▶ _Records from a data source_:
━━━━━━

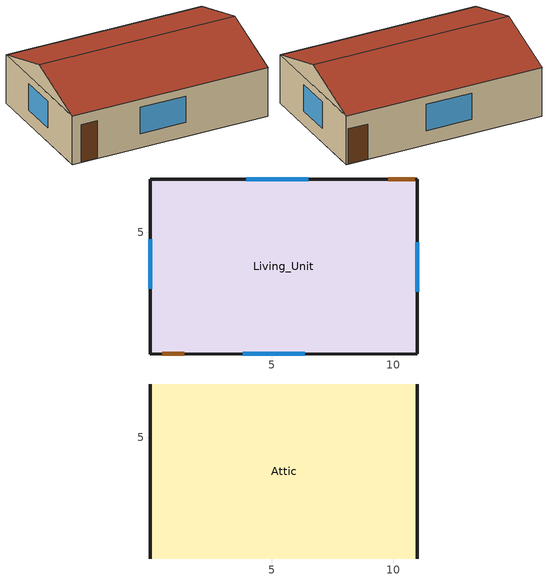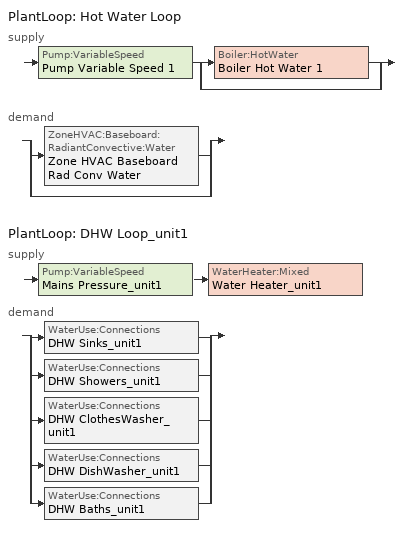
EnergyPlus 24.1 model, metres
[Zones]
Living_Unit
 floor ground (slab-on-floor-const): 11,7.2 11,0 0,0 0,7.2 z0
 wall outside (ext-wall-base): 11,0 11,7.2 0,7.2 0,0 11,0 z0:2.75
 window (glazing-base): 11,2.57 11,4.59 / 6.5,7.2 3.96,7.2 / 0,4.71 0,2.69 / 3.82,0 6.36,0 z0.8:2.3
 door (door-const): 10.89,7.2 9.8,7.2 z0:2; 0.5,0 1.41,0 z0:2.13
Attic
 floor to Living_Unit (floor-const): 11,7.2 11,0 0,0 0,7.2 z2.75
 wall outside (ext-wall-base): 0,3.6,3.95 0,7.2,2.75 0,0,2.75; 11,3.6,3.95 11,0,2.75 11,7.2,2.75
 roof outside (roof-const): 0,3.6,3.95 0,0,2.75 11,0,2.75 11,3.6,3.95; 11,3.6,3.95 11,7.2,2.75 0,7.2,2.75 0,3.6,3.95
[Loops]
PlantLoop 'Hot Water Loop'
 supply: Pump:VariableSpeed 'Pump Variable Speed 1' > split
  | Boiler:HotWater 'Boiler Hot Water 1'
  | bypass
 demand: split
  | ZoneHVAC:Baseboard:RadiantConvective:Water 'Zone HVAC Baseboard Rad Conv Water'
  | bypass
PlantLoop 'DHW Loop_unit1'
 supply: Pump:VariableSpeed 'Mains Pressure_unit1' > WaterHeater:Mixed 'Water Heater_unit1'
 demand: split
  | WaterUse:Connections 'DHW Sinks_unit1'
  | WaterUse:Connections 'DHW Showers_unit1'
  | WaterUse:Connections 'DHW ClothesWasher_unit1'
  | WaterUse:Connections 'DHW DishWasher_unit1'
  | WaterUse:Connections 'DHW Baths_unit1'
[Building]
SF: North Axis {deg}=0; Terrain=Suburbs; Loads Convergence Tolerance Value {W}=0.04; Temperature Convergence Tolerance Value {deltaC}=0.4; Solar Distribution=FullExterior; Maximum Number of Warmup Days=25; Minimum Number of Warmup Days=6
[Site:Location]
DEBRECEN: Latitude {deg}=47.48; Longitude {deg}=21.63; Time Zone {hr}=1; Elevation {m}=112
[SizingPeriod:DesignDay] Day of Month=21; Dry-Bulb Temperature Range Modifier Type=DefaultMultipliers; Humidity Condition Type=Wetbulb; Barometric Pressure {Pa}=99987; Rain Indicator=No; Snow Indicator=No; Daylight Saving Time Indicator=No; Begin Environment Reset Mode=FullResetAtBeginEnvironment
Name | Month | Day Type | Maximum Dry-Bulb Temperature {C} | Daily Dry-Bulb Temperature Range {deltaC} | Wetbulb or DewPoint at Maximum Dry-Bulb {C} | Wind Speed {m/s} | Wind Direction {deg} | Solar Model Indicator | ASHRAE Clear Sky Optical Depth for Beam Irradiance (taub) | ASHRAE Clear Sky Optical Depth for Diffuse Irradiance (taud) | Sky Clearness
DEBRECEN Ann Clg .4% Condns DB=>MWB | 7 | SummerDesignDay | 31.7 | 11.1 | 21.3 | 2.8 | 180 | ASHRAETau | 0.502 | 1.851
DEBRECEN Ann Htg 99.6% Condns DB | 1 | WinterDesignDay | -13.8 | 0 | -13.8 | 1.9 | 50 | ASHRAEClearSky |  |  | 0
[Material] Roughness=Rough; Thermal Absorptance=0.9
Name | Thickness {m} | Conductivity {W/m-K} | Density {kg/m3} | Specific Heat {J/kg-K} | Solar Absorptance | Visible Absorptance
1_1_37 | 0.0869 | 0.04 | 10 | 1400 | 0.6 | 0.6
1_2_9 | 0.1 | 1.13 | 2000 | 1000 | 0.6 | 0.6
1_3_29 | 0.07 | 0.41 | 1200 | 840 | 0.73 | 0.73
1_4_34 | 0.03 | 0.14 | 650 | 1200 | 0.78 | 0.78
3_1_36 | 0.01 | 0.15 | 700 | 1420 | 0.78 | 0.78
3_2_20 | 0.1319 | 0.04 | 12 | 840 | 0.6 | 0.6
3_3_8 | 0.1 | 0.38 | 1200 | 1000 | 0.6 | 0.6
3_5_113 | 0.013 | 0.25 | 2800 | 896 | 0.5 | 0.5
5_1_5 | 0.1 | 0.84 | 1700 | 800 | 0.7 | 0.7
5_2_103 | 0.011 | 0.034 | 35 | 1400 | 0.6 | 0.6
5_3_11 | 0.1 | 0.51 | 1400 | 1000 | 0.6 | 0.6
5_4_66 | 0.01 | 0.4 | 1000 | 1000 | 0.5 | 0.5
7_1_108 | 0.035 | 0.19 | 700 | 2390 | 0.5 | 0.5
9_1_33 | 0.02 | 1 | 2000 | 800 | 0.7 | 0.7
9_2_111 | 0.034 | 0.04 | 30 | 840 | 0.6 | 0.6
9_3_77 | 0.005 | 0.19 | 960 | 837 | 0.8 | 0.8
[Material:NoMass]
3_RVAL_4: Roughness=Rough; Thermal Resistance {m2-K/W}=0.18; Thermal Absorptance=0.9; Solar Absorptance=0.7; Visible Absorptance=0.7
[WindowMaterial:SimpleGlazingSystem]
Simple present glazing - 1001: U-Factor {W/m2-K}=2.89; Solar Heat Gain Coefficient=0.78; Visible Transmittance=0.7
[Construction]
door-const: 7_1_108
ext-wall-base: 5_1_5, 5_2_103, 5_3_11, 5_4_66
floor-const: 3_5_113, 3_RVAL_4, 3_3_8, 3_2_20, 3_1_36
glazing-base: Simple present glazing - 1001
roof-const: 9_1_33, 9_2_111, 9_3_77
slab-on-floor-const: 1_1_37, 1_2_9, 1_3_29, 1_4_34
[Space]
Name | Zone
Attic Space | Attic
Living Space | Living_Unit
[Zone] Multiplier=1; Zone Inside Convection Algorithm=TARP
Name | Volume {m3} | Part of Total Floor Area
Attic | 47.4234 | No
Living_Unit | 217.8 | Yes
[People]
People 189: Zone or ZoneList or Space or SpaceList=Living Space; Number of People Schedule=People Sch; Number of People Calculation Method=People/Area; People per Floor Area {person/m2}=0.02; Fraction Radiant=0.3; Activity Level Schedule=Activity Schedule People; Carbon Dioxide Generation Rate {m3/s-W}=3.82e-08; Enable ASHRAE 55 Comfort Warnings=Yes; Mean Radiant Temperature Calculation Type=EnclosureAveraged; Work Efficiency Schedule=Work efficiency; Clothing Insulation Schedule=Clothing Schedule 189; Air Velocity Schedule=Air Velocity Schedule
[Lights]
189 General lighting: Zone or ZoneList or Space or SpaceList=Living Space; Schedule=Lighting Sch; Design Level Calculation Method=Watts/Area; Watts per Floor Area {W/m2}=15; Return Air Fraction=0; Fraction Radiant=0.42; Fraction Visible=0.18; Fraction Replaceable=1
[ElectricEquipment] Zone or ZoneList or Space or SpaceList=Living_Unit
Name | Schedule | Design Level Calculation Method | Design Level {W} | Fraction Latent | Fraction Radiant | Fraction Lost | Watts per Floor Area {W/m2}
dishwasher1 | DishWasher | EquipmentLevel | 65.6988 | 0.15 | 0.6 | 0.25
refrigerator1 | Refrigerator | EquipmentLevel | 91.0576 | 0 | 1 | 0
clotheswasher1 | ClothesWasher | EquipmentLevel | 28.4784 | 0 | 0.8 | 0.2
gas_dryer1 | ClothesDryer | EquipmentLevel | 19.4182 | 0 | 1 | 0
gas_range1 | CookingRange | EquipmentLevel | 0 | 0 | 1 | 0
television1 | Lighting Sch | EquipmentLevel | 0 | 0 | 1 | 0
gas_mels1 | MiscPlugLoad | EquipmentLevel | 507.15 | 0.06 | 0.69 | 0.25
IECC_Adj1 | MiscPlugLoad | Watts/Area |  | 0.062439 | 0.411909 | 0.251045 | 2.28876
[GasEquipment] Zone or ZoneList or Space or SpaceList=Living_Unit; Design Level Calculation Method=EquipmentLevel
Name | Schedule | Design Level {W} | Fraction Latent | Fraction Radiant | Fraction Lost
gas_dryer1 | ClothesDryer | 395.596 | 0.05 | 0.1 | 0.85
gas_range1 | CookingRange | 540.941 | 0.06 | 0.69 | 0.25
gas_mels1 | MiscPlugLoad | 61.1255 | 0.06 | 0.69 | 0.25
[OtherEquipment]
189 Miscellaneous gain: Fuel Type=None; Zone or ZoneList or Space or SpaceList=Living Space; Schedule=Misc Sch; Design Level Calculation Method=Watts/Area; Power per Floor Area {W/m2}=13.03; Fraction Latent=0; Fraction Radiant=0.2; Fraction Lost=0
[ZoneInfiltration:DesignFlowRate] Design Flow Rate Calculation Method=Flow/Zone; Constant Term Coefficient=1; Temperature Term Coefficient=0; Velocity Term Coefficient=0; Velocity Squared Term Coefficient=0
Name | Zone or ZoneList or Space or SpaceList | Design Flow Rate {m3/s}
241 Infiltration | Attic Space | 0.013173
189 Infiltration | Living Space | 0.04235
[DesignSpecification:OutdoorAir]
Living_Unit Zero air DSOA: Outdoor Air Method=Sum; Outdoor Air Flow per Person {m3/s-person}=0; Outdoor Air Flow per Zone Floor Area {m3/s-m2}=0; Outdoor Air Flow per Zone {m3/s}=0; Outdoor Air Flow Air Changes per Hour {1/hr}=0
[DesignSpecification:ZoneAirDistribution]
Living_Unit Design Spec Zone Air Dist: Zone Air Distribution Effectiveness in Cooling Mode=1; Zone Air Distribution Effectiveness in Heating Mode=1
[Sizing:Zone]
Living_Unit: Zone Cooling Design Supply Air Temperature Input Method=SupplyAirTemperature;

━━━━━━

▶ _TASK STATEMENT_:
For the string "Attic", count the lines of the entries above that include it; answer with the number only.

▶ _RESPONSE TO THE EXERCISE_:
4